Deliverability and the Bigger Reality
The dirty secret of the email marketing software category is that platform choice matters less for deliverability than most marketing teams assume. Whether your emails land in inboxes versus spam folders is determined more by your sending practices (engagement rates, sender reputation, bounce rates, complaint rates) than by which platform you use. All the major platforms covered here have competent deliverability infrastructure. None of them can save a list with terrible engagement from deliverability problems.
The practical sending patterns that affect deliverability across all platforms: consistent send schedules rather than sporadic bursts, double opt-in confirmation for new subscribers, prompt removal of bounced and complained-about addresses, content that does not trigger spam filters (avoiding aggressive sales language, excessive exclamation marks, very high image-to-text ratios), and authentication setup (SPF, DKIM, DMARC records on your sending domain). Platforms can guide you through these but cannot do them for you.

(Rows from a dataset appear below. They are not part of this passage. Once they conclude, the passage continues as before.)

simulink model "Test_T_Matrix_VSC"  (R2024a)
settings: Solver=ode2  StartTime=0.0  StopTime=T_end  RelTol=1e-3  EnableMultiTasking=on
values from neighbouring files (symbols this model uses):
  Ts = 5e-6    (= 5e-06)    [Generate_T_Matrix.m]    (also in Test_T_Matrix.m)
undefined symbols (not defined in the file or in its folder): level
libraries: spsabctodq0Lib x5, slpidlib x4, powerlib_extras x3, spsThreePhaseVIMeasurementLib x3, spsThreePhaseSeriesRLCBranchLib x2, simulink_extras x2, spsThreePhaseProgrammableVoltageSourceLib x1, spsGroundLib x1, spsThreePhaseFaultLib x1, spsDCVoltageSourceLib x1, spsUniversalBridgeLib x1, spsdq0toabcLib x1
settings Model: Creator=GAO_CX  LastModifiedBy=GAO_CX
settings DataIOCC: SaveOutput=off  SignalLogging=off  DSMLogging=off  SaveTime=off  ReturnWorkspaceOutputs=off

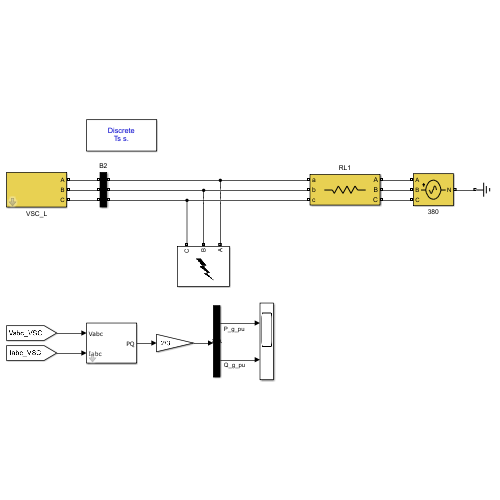
[thumbnail: Simulink's stored preview of the top-level diagram]
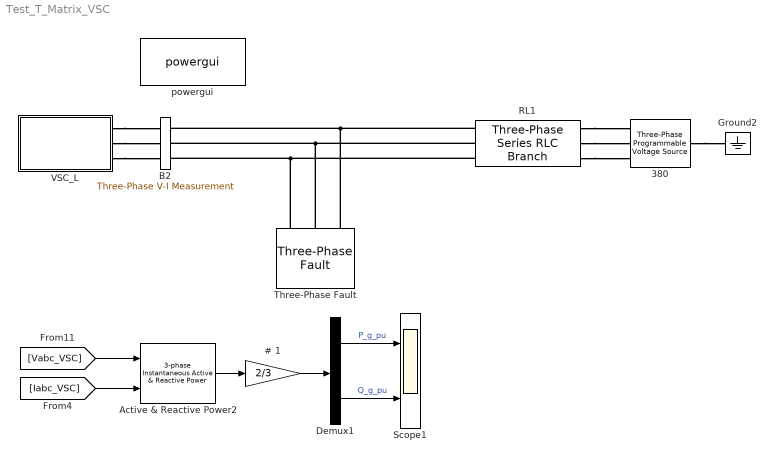
== system Test_T_Matrix_VSC ==
  # 1 : Gain  Gain=2/3  SaturateOnIntegerOverflow=on  OutDataTypeStr=Inherit: Same as input  ParamDataTypeStr=Inherit: Same as input
  380 : spsThreePhaseProgrammableVoltageSourceLib/Three-Phase Programmable Voltage Source  PositiveSequence=[380 0 50]  VariationEntity=None  VariationType=Step  VariationTypeAlt=Step  VariationStep=0.2  VariationRate=10  VariationMagnitude=0.3  VariationFrequency=2  VariationTiming=[20 20.05]  VariationPhaseA=off  Amplitudes=[1 0.5 1]  TimeValues=[0 20 20.3]  HarmonicGeneration=off  HarmonicA=[1 -0.1 0 2]  HarmonicB=[2 0.15 35 2]*0  Timing="[0.1  2]"  BusType=PQ  Pref=0  Qref=0  Qmin=-inf  Qmax=inf
  Active & Reactive Power2 : powerlib_extras/Measurements/3-phase  Instantaneous  Active & Reactive Power
  B2 : spsThreePhaseVIMeasurementLib/Three-Phase V-I Measurement  VoltageMeasurement=phase-to-ground  SetLabelV=on  LabelV=Vabc_VSC  Vpu=on  VpuLL=off  CurrentMeasurement=yes  SetLabelI=on  LabelI=Iabc_VSC  Ipu=on  Pbase=1e6  Vbase=380  OutputType=Complex  PhasorSimulation=off  PSBequivalent=0
  Demux1 : Demux  Outputs=2
      settings: DisplayOption=none
  Ground2 : spsGroundLib/Ground  LConnTagsString=a
  RL1 : spsThreePhaseSeriesRLCBranchLib/Three-Phase Series RLC Branch  LConnTagsString=A|B|C  RConnTagsString=A|B|C  BranchType=R  Resistance=0.01  Inductance=4e-6  Capacitance=1.0  Measurements=None
  Scope1 : Scope  NumInputPorts=2
  Three-Phase Fault : spsThreePhaseFaultLib/Three-Phase Fault  InitialStates=0  FaultA=on  FaultB=off  FaultC=off  GroundFault=on  SwitchTimes=[0.1 0.15]  External=off  SwitchStatus=NaN  FaultResistance=1e-6  GroundResistance=1e-9  SnubberResistance=inf  SnubberCapacitance=inf  Measurements=None
  VSC_L : Subsystem  mask{P_rated=1e6, Vac_rated=380, Vdc_rated=1200, f_rated=50, Pref=1.0, Qref=0, Rf1_pu=1e-3, Lf1_pu=0.5, KP_PLL=5, KI_PLL=100, KP_ig=5, KI_ig=10, KP_P=0.2, KI_P=100}
      mask prompts: P_rated "Rated Power (W)"; Vac_rated "Rated AC voltage (V)"; Vdc_rated "Rated DC voltage (V)"; f_rated "Rated grid frequency"; Rf1_pu "Filter resistor Rf1 (pu)"; Lf1_pu "Filter inductor Lf1 (pu)"; KP_PLL "P of PLL"; KI_PLL "I of PLL"; KP_ig "P of current PI  controller"; KI_ig "I of current PI  controller"; KP_P "P of power PI  controller"; KI_P "I of power PI  controller"
      mask init:
      | Z_rated=Vac_rated*Vac_rated/P_rated;
      | % transformer to pu
      | wg_rated=2*pi*f_rated;
      | Lg_rated=Z_rated/wg_rated;
      | Cg_rated=1/Z_rated/wg_rated;
      | 
      | Rf1=Z_rated*Rf1_pu;
      | Lf1=Lg_rated*Lf1_pu;
      mask DialogControl Basic_Parameters Prompt: Basic Parameters
      mask DialogControl GSC Prompt: GSC Parameters
  powergui : spspowerguiLib/powergui  SimulationMode=Discrete  SampleTime=Ts  frequency=50  Iterations=50  frequencyindice=0  Pbase=100e6  ErrMax=1e-4  UnitsV=kV  UnitsW=MW  buscounter=6  FunctionMessages=off  echomessages=off  EnableUseOfTLC=off  CurrentSourceSwitches=off  DisableSnubberDevices=off  DisableRonSwitches=off  DisableVfSwitches=off  DisplayEquations=off  AutomaticDiscreteSolvers=off  SolverType=Tustin  Interpol=off  ExternalGateDelay=off  methode=off  Ts=0  x0status=blocks  SPID=off  SwTol=0  HookPort=off  NonlinearTolerance=1e-4  nMaxIteration=100  ContinueOnMaxIteration=off  RestoreLinks=warning  ResistiveCurrentMeasurement=off  Frange=[0:2:500]  Ylog=off  Xlog=on  ShowGrid=off  save=off  variable=ZData  structure=0  ZoomFFT=on  StartTime=0.0  cycles=1  DisplayStyle=1  fundamental=60  FreqAxis=off  MaxFrequency=1000  frequencyindicesteady=1  RmsSteady=1  display=off
  wires:
  Demux1/1 -> Scope1/1  "P_g_pu"
  Demux1/2 -> Scope1/2  "Q_g_pu"
  Active & Reactive Power2/1 -> # 1/1
  # 1/1 -> Demux1/1
  [Vabc_VSC] -> Active & Reactive Power2/1
  [Iabc_VSC] -> Active & Reactive Power2/2
  connections:
  RL1/RConn2 -- Three-Phase Fault/LConn2 -- B2/RConn2
  VSC_L/LConn3 -- B2/LConn3
  RL1/LConn1 -- 380/RConn1
  380/LConn1 -- Ground2/LConn1
  VSC_L/LConn1 -- B2/LConn1
  RL1/LConn3 -- 380/RConn3
  VSC_L/LConn2 -- B2/LConn2
  RL1/LConn2 -- 380/RConn2
  RL1/RConn3 -- B2/RConn3 -- Three-Phase Fault/LConn3
  RL1/RConn1 -- Three-Phase Fault/LConn1 -- B2/RConn1

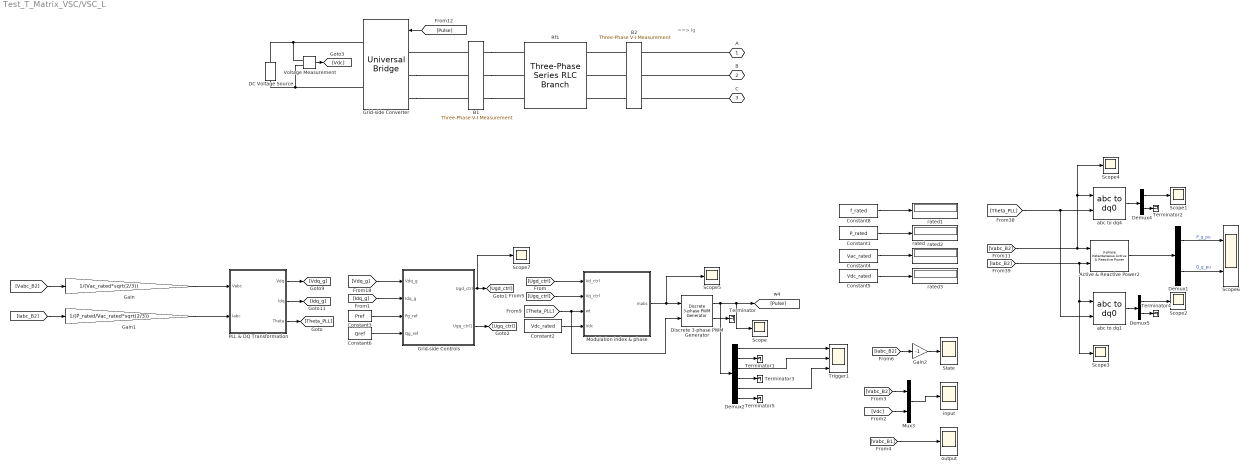
== system Test_T_Matrix_VSC/VSC_L ==
  note: ==> Ig
  Active & Reactive Power2 : powerlib_extras/Measurements/3-phase  Instantaneous  Active & Reactive Power
  B1 : spsThreePhaseVIMeasurementLib/Three-Phase V-I Measurement  VoltageMeasurement=phase-to-ground  SetLabelV=on  LabelV=Vabc_B1  Vpu=off  VpuLL=off  CurrentMeasurement=no  SetLabelI=off  LabelI=Iabc_B1  Ipu=off  Pbase=P_rated  Vbase=Vac_rated  OutputType=Complex  PhasorSimulation=off  PSBequivalent=0
  B2 : spsThreePhaseVIMeasurementLib/Three-Phase V-I Measurement  VoltageMeasurement=phase-to-ground  SetLabelV=on  LabelV=Vabc_B2  Vpu=off  VpuLL=off  CurrentMeasurement=yes  SetLabelI=on  LabelI=Iabc_B2  Ipu=off  Pbase=P_rated  Vbase=Vac_rated  OutputType=Complex  PhasorSimulation=off  PSBequivalent=0
  Constant1 : Constant  Value=P_rated
  Constant2 : Constant  Value=Vdc_rated
  Constant3 : Constant  Value=Pref
  Constant4 : Constant  Value=Vac_rated
  Constant5 : Constant  Value=Vdc_rated
  Constant6 : Constant  Value=Qref
  Constant8 : Constant  Value=f_rated
  DC Voltage Source : spsDCVoltageSourceLib/DC Voltage Source  Amplitude=Vdc_rated  Measurements=None
  Demux1 : Demux  Outputs=2
      settings: DisplayOption=none
  Demux2 : Demux  Outputs=6
      settings: DisplayOption=none
  Demux4 : Demux  Outputs=[2 1]
      settings: DisplayOption=none
  Demux5 : Demux  Outputs=[2 1]
      settings: DisplayOption=none
  Discrete 3-phase PWM Generator : powerlib_extras/Discrete  Control Blocks/Discrete 3-phase PWM Generator  ModulatorType=2-level  ModulatorMode=Synchronized  nF=100  Fc=2700  ModulatingSignals=off  m=0.2  Freq=60  Phase=0  Ts=Ts
  Gain : Gain  Gain=1/(Vac_rated*sqrt(2/3))
  Gain1 : Gain  Gain=1/(P_rated/Vac_rated*sqrt(2/3))
  Gain2 : Gain  Gain=-1
  Grid-side Converter : spsUniversalBridgeLib/Universal Bridge  Arms=3  SnubberResistance=1e6  SnubberCapacitance=inf  Device=IGBT / Diodes  Ron=0.01  Lon=0  ForwardVoltages="[  0  0  ]"  ForwardVoltage=0  GTOparameters=[ 10e-6 , 20e-6 ]  IGBTparameters=[0 , 0]  Measurements=None  Measurements_2=None  converterType=Rectifier
  Grid-side Controls : Subsystem
  "Modulation index & phase " : Subsystem
  Mux3 : Mux  Inputs=2
  PLL & DQ Transformation : Subsystem
  Rf1 : spsThreePhaseSeriesRLCBranchLib/Three-Phase Series RLC Branch  LConnTagsString=A|B|C  RConnTagsString=A|B|C  BranchType=RL  Resistance=Rf1  Inductance=Lf1  Capacitance=1.0  Measurements=None
  Scope{,1..5,7} (7 alike) : Scope
  Scope6 : Scope  NumInputPorts=2
  State : Scope
  Terminator{,1..5} (6 alike) : Terminator
  Trigger1 : Scope  NumInputPorts=3
  Voltage Measurement : spsVoltageMeasurementLib/Voltage Measurement  PhasorSimulation=off  OutputType=Complex  PSBequivalent=0
  abc to dq1 : spsabctodq0Lib/abc to dq0  Alignment=90 degrees behind phase A axis
  abc to dq4 : spsabctodq0Lib/abc to dq0  Alignment=90 degrees behind phase A axis
  input : Scope
  output : Scope
  rated{,1..3} (4 alike) : Display
  A : PMIOPort  Tag=PMCPort  Side=Left
  B : PMIOPort  Tag=PMCPort  Port=2  Side=Left
  C : PMIOPort  Tag=PMCPort  Port=3  Side=Left
  wires:
  PLL & DQ Transformation/3(Theta) -> [Theta_PLL]
  PLL & DQ Transformation/1(Vdq) -> [Vdq_g]
  PLL & DQ Transformation/2(Idq) -> [Idq_g]
  [Vabc_B2] -> Gain/1
  [Iabc_B2] -> Gain1/1
  [Theta_PLL] -> Discrete 3-phase PWM Generator/2, "Modulation index & phase "/3(wt)
  Constant2/1 -> "Modulation index & phase "/4(Vdc)
  [Ugd_ctrl] -> "Modulation index & phase "/1(Vd_ctrl)
  [Ugq_ctrl] -> "Modulation index & phase "/2(Vq_ctrl)
  Grid-side Controls/1(Ugd_ctrl) -> Scope7/1, [Ugd_ctrl]
  Grid-side Controls/2(Ugq_ctrl1) -> [Ugq_ctrl]
  [Vdq_g] -> Grid-side Controls/1(Vdq_g)
  [Idq_g] -> Grid-side Controls/2(Idq_g)
  Constant6/1 -> Grid-side Controls/4(Qg_ref)
  Constant3/1 -> Grid-side Controls/3(Pg_ref)
  [Pulse] -> Grid-side Converter/1
  abc to dq1/1 -> Demux5/1
  Constant5/1 -> rated3/1
  Constant4/1 -> rated/1
  Demux5/1 -> Scope2/1
  [Iabc_B2] -> Scope3/1, abc to dq1/1, Active & Reactive Power2/2
  Demux1/1 -> Scope6/1  "P_g_pu"
  Demux4/1 -> Scope1/1
  [Vabc_B2] -> Scope4/1, abc to dq4/1, Active & Reactive Power2/1
  Constant1/1 -> rated2/1
  [Theta_PLL] -> abc to dq1/2, abc to dq4/2
  Constant8/1 -> rated1/1
  abc to dq4/1 -> Demux4/1
  Active & Reactive Power2/1 -> Demux1/1
  Demux5/2 -> Terminator4/1
  Demux1/2 -> Scope6/2  "Q_g_pu"
  Demux4/2 -> Terminator2/1
  Discrete 3-phase PWM Generator/2 -> Terminator/1
  Discrete 3-phase PWM Generator/1 -> Demux2/1, Scope/1, [Pulse]
  "Modulation index & phase "/1(mabc) -> Scope5/1, Discrete 3-phase PWM Generator/1
  Demux2/1 -> Trigger1/1
  Demux2/2 -> Terminator1/1
  Demux2/3 -> Trigger1/2
  Demux2/5 -> Trigger1/3
  Demux2/4 -> Terminator3/1
  Demux2/6 -> Terminator5/1
  [Iabc_B2] -> Gain2/1
  [Vabc_B1] -> output/1
  Gain/1 -> PLL & DQ Transformation/1(Vabc)
  Gain1/1 -> PLL & DQ Transformation/2(Iabc)
  Voltage Measurement/1 -> [Vdc]
  [Vdc] -> Mux3/2
  [Vabc_B2] -> Mux3/1
  Mux3/1 -> input/1
  Gain2/1 -> State/1
  connections:
  C/RConn1 -- B2/RConn3
  B/RConn1 -- B2/RConn2
  A/RConn1 -- B2/RConn1
  Grid-side Converter/RConn2 -- Voltage Measurement/LConn2 -- DC Voltage Source/LConn1
  Grid-side Converter/RConn1 -- Voltage Measurement/LConn1 -- DC Voltage Source/RConn1
  B2/LConn1 -- Rf1/LConn1
  B2/LConn2 -- Rf1/LConn2
  B2/LConn3 -- Rf1/LConn3
  B1/RConn1 -- Rf1/RConn1
  B1/RConn2 -- Rf1/RConn2
  B1/RConn3 -- Rf1/RConn3
  B1/LConn1 -- Grid-side Converter/LConn1
  Grid-side Converter/LConn2 -- B1/LConn2
  Grid-side Converter/LConn3 -- B1/LConn3

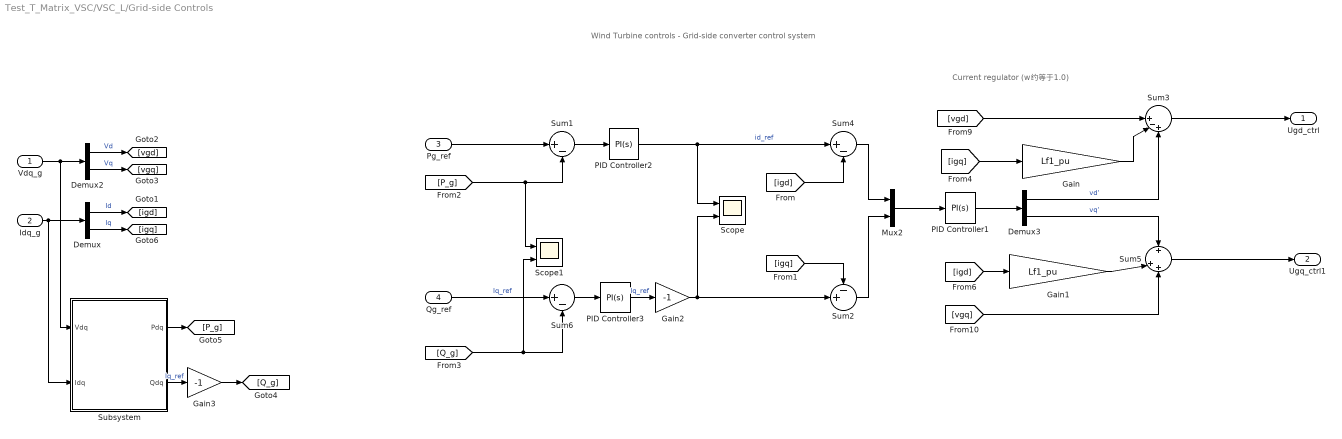
== system Test_T_Matrix_VSC/VSC_L/Grid-side Controls ==
  note: Wind Turbine controls - Grid-side converter control system
  note: Current regulator (w约等于1.0)
  Vdq_g : Inport
  Idq_g : Inport  Port=2
  Pg_ref : Inport  Port=3
  Qg_ref : Inport  Port=4
  Demux : Demux  Outputs=2
      settings: DisplayOption=none
  Demux2 : Demux  Outputs=2
      settings: DisplayOption=none
  Demux3 : Demux  Outputs=2
      settings: DisplayOption=none
  Gain : Gain  Gain=Lf1_pu
  Gain1 : Gain  Gain=Lf1_pu
  Gain2 : Gain  Gain=-1
  Gain3 : Gain  Gain=-1
  Mux2 : Mux  Inputs=2
  PID Controller1 : slpidlib/PID Controller  Controller=PI  Form=Parallel  TimeDomain=Continuous-time  UseExternalTs=off  SampleTime=-1  IntegratorMethod=Forward Euler  FilterMethod=Forward Euler  ControllerParametersSource=internal  P=KP_ig  I=KI_ig  UseKiTs=off  D=0  UseExternalDerivativeSource=off  N=100  UseFilter=on  TunerSelectOption=Transfer Function Based (PID Tuner App)  InitialConditionSource=internal  InitialConditionForIntegrator=0  InitialConditionForFilter=0  DifferentiatorICPrevScaledInput=0  ExternalReset=none  TrackingMode=off  Kt=1  LimitOutput=off  SatLimitsSource=internal  UpperSaturationLimit=5  LowerSaturationLimit=-5  LinearizeAsGain=on  AntiWindupMode=none  Kb=1  LimitIntegrator=off  UpperIntegratorSaturationLimit=inf  LowerIntegratorSaturationLimit=-inf  POutMin=[]  POutMax=[]  IOutMin=[]  IOutMax=[]  DOutMin=[]  DOutMax=[]  NOutMin=[]  NOutMax=[]  SumOutMin=[]  SumOutMax=[]  SaturationOutMin=[]  SaturationOutMax=[]  PParamMin=[]  PParamMax=[]  IParamMin=[]  IParamMax=[]  DParamMin=[]  DParamMax=[]  NParamMin=[]  NParamMax=[]  KbParamMin=[]  KbParamMax=[]  KtParamMin=[]  KtParamMax=[]  KbOutMin=[]  KbOutMax=[]  KtOutMin=[]  KtOutMax=[]  IntegratorOutMin=[]  IntegratorOutMax=[]  FilterOutMin=[]  FilterOutMax=[]  SumI1OutMin=[]  SumI1OutMax=[]  SumI2OutMin=[]  SumI2OutMax=[]  SumI3OutMin=[]  SumI3OutMax=[]  SumI4OutMin=[]  SumI4OutMax=[]  SumDOutMin=[]  SumDOutMax=[]  DifferentiatorOutMin=[]  DifferentiatorOutMax=[]  FilterDiffOutCoefMin=[]  FilterDiffOutCoefMax=[]  ReciprocalOutMin=[]  ReciprocalOutMax=[]  SumDenOutMin=[]  SumDenOutMax=[]  SumNumOutMin=[]  SumNumOutMax=[]  DivideOutMin=[]  DivideOutMax=[]  UdiffTsProdOutMin=[]  UdiffTsProdOutMax=[]  NTsProdOutMin=[]  NTsProdOutMax=[]  UintegralTsProdOutMin=[]  UintegralTsProdOutMax=[]  UngainTsProdOutMin=[]  UngainTsProdOutMax=[]  ClampingZeroOutDataTypeStr=Inherit: Inherit via back propagation  ClampingZeroOutMin=[]  ClampingZeroOutMax=[]  FilterDenConstantOutDataTypeStr=Inherit: Inherit via back propagation  FilterDenConstantOutMin=[]  FilterDenConstantOutMax=[]  PCopyOutDataTypeStr=Inherit: Inherit via back propagation  PCopyOutMin=[]  PCopyOutMax=[]  NCopyOutDataTypeStr=Inherit: Inherit via back propagation  NCopyOutMin=[]  NCopyOutMax=[]  IntegratorContinuousStateAttributes=''  IntegratorStateMustResolveToSignalObject=off  IntegratorRTWStateStorageClass=Auto  FilterContinuousStateAttributes=''  FilterStateMustResolveToSignalObject=off  FilterRTWStateStorageClass=Auto  ParallelPVariant=InternalParameters  IdealPVariant=Disabled  IVariant=InternalParameters  DVariant=Disabled  IntegratorVariant=Continuous  SatVariant=Disabled  AWVariant=Passthrough  PCopyVariant=Disabled  TRVariant=Disabled  FdbkBlocksVariant=Forward  IdealPFdbkVariant=Disabled  SatFdbkVariant=Disabled  DerivativeFilterVariant=Disabled  NVariant=Disabled  NCopyVariant=Disabled_SignalSpec  FilterICVariant=Disabled  IntegratorICVariant=InternalICs  ExternalResetVariant=Disabled  TRSumVariant=Passthrough  SumFdbkVariant=Disabled  SumVariant=Sum_PI  TsampFilterVariant=InternalTs  TsampNgainVariant=Passthrough  TsampIntegralVariant=Disabled_SignalSpec  ExternalSaturationOutDataTypeStr=Inherit: Same as second input  DerivativeSourceVariant=Disabled
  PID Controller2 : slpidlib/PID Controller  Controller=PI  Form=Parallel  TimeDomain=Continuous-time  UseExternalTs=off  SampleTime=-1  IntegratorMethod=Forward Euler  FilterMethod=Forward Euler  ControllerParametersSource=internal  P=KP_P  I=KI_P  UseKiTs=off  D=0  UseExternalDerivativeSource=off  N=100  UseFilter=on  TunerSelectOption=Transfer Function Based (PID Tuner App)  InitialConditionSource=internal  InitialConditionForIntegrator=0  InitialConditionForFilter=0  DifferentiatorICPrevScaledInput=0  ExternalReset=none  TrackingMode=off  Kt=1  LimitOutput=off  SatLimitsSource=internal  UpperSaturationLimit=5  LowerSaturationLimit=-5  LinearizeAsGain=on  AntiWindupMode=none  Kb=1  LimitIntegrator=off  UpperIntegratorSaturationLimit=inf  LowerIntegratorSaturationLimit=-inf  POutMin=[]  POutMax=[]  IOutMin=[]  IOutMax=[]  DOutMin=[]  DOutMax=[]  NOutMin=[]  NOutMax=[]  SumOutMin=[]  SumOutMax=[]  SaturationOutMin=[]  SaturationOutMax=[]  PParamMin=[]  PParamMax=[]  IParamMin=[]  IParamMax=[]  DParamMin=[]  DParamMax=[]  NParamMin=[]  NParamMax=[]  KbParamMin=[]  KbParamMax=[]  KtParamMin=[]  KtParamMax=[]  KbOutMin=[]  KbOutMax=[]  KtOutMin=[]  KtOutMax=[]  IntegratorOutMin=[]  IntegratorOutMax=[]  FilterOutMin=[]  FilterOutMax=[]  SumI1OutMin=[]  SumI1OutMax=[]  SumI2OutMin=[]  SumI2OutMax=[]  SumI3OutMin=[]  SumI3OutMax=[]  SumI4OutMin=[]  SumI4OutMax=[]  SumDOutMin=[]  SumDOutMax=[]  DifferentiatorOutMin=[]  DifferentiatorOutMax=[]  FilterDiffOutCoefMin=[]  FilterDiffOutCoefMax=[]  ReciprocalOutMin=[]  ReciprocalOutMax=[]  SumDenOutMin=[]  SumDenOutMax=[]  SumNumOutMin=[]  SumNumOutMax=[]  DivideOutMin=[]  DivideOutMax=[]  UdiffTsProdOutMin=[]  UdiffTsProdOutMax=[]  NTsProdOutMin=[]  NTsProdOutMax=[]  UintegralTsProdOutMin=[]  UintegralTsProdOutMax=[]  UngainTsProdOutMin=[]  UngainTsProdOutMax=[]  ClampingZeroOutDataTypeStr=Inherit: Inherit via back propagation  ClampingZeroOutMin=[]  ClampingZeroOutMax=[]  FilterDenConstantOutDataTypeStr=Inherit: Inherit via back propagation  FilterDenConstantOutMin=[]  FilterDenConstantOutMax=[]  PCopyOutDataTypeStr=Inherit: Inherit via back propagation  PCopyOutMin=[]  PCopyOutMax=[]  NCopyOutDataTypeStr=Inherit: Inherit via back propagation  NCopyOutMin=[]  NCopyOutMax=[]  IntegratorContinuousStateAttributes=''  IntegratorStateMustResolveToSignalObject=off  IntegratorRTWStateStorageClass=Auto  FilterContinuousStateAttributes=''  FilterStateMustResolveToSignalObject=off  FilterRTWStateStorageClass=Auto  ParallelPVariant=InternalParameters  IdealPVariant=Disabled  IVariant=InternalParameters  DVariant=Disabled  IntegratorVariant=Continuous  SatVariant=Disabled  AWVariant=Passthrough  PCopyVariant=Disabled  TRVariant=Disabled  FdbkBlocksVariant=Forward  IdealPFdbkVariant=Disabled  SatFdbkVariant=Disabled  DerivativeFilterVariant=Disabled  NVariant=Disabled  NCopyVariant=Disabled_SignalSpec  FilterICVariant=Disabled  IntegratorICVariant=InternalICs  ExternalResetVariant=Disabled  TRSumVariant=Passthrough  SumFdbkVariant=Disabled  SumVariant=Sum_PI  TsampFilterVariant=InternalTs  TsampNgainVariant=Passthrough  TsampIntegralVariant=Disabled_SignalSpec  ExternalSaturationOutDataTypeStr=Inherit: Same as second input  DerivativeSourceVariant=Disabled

For businesses with serious deliverability concerns, dedicated services like Mailgun or Sendgrid for transactional traffic, combined with a sending domain warmed up gradually, produce better outcomes than any platform’s defaults. For most businesses, the major platforms’ default deliverability is adequate if your sending practices are reasonable. Our help desk software comparison covers the customer support tooling that often correlates with email engagement quality, and our affiliate marketing software comparison covers the related channel that many email-driven businesses run alongside.
The Practical Recommendation
For most readers the right pick is straightforward. Under 2,000 subscribers: Mailchimp’s free tier or Kit’s $9 plan, depending on whether you are sending newsletters or commerce-style emails. Between 2,000 and 50,000 subscribers and not in e-commerce: Brevo for the send-based pricing efficiency. Between 2,000 and 50,000 subscribers in e-commerce: Klaviyo for the deeper integration with commerce data. Heavy automation focus regardless of scale: ActiveCampaign. The decision matters less than the discipline behind it — every platform here can produce strong results with good list hygiene and consistent sending, and no platform can save a poorly-run program. Pick one that matches your scale and use case, invest in good sending practices, and stop comparing alternatives every quarter.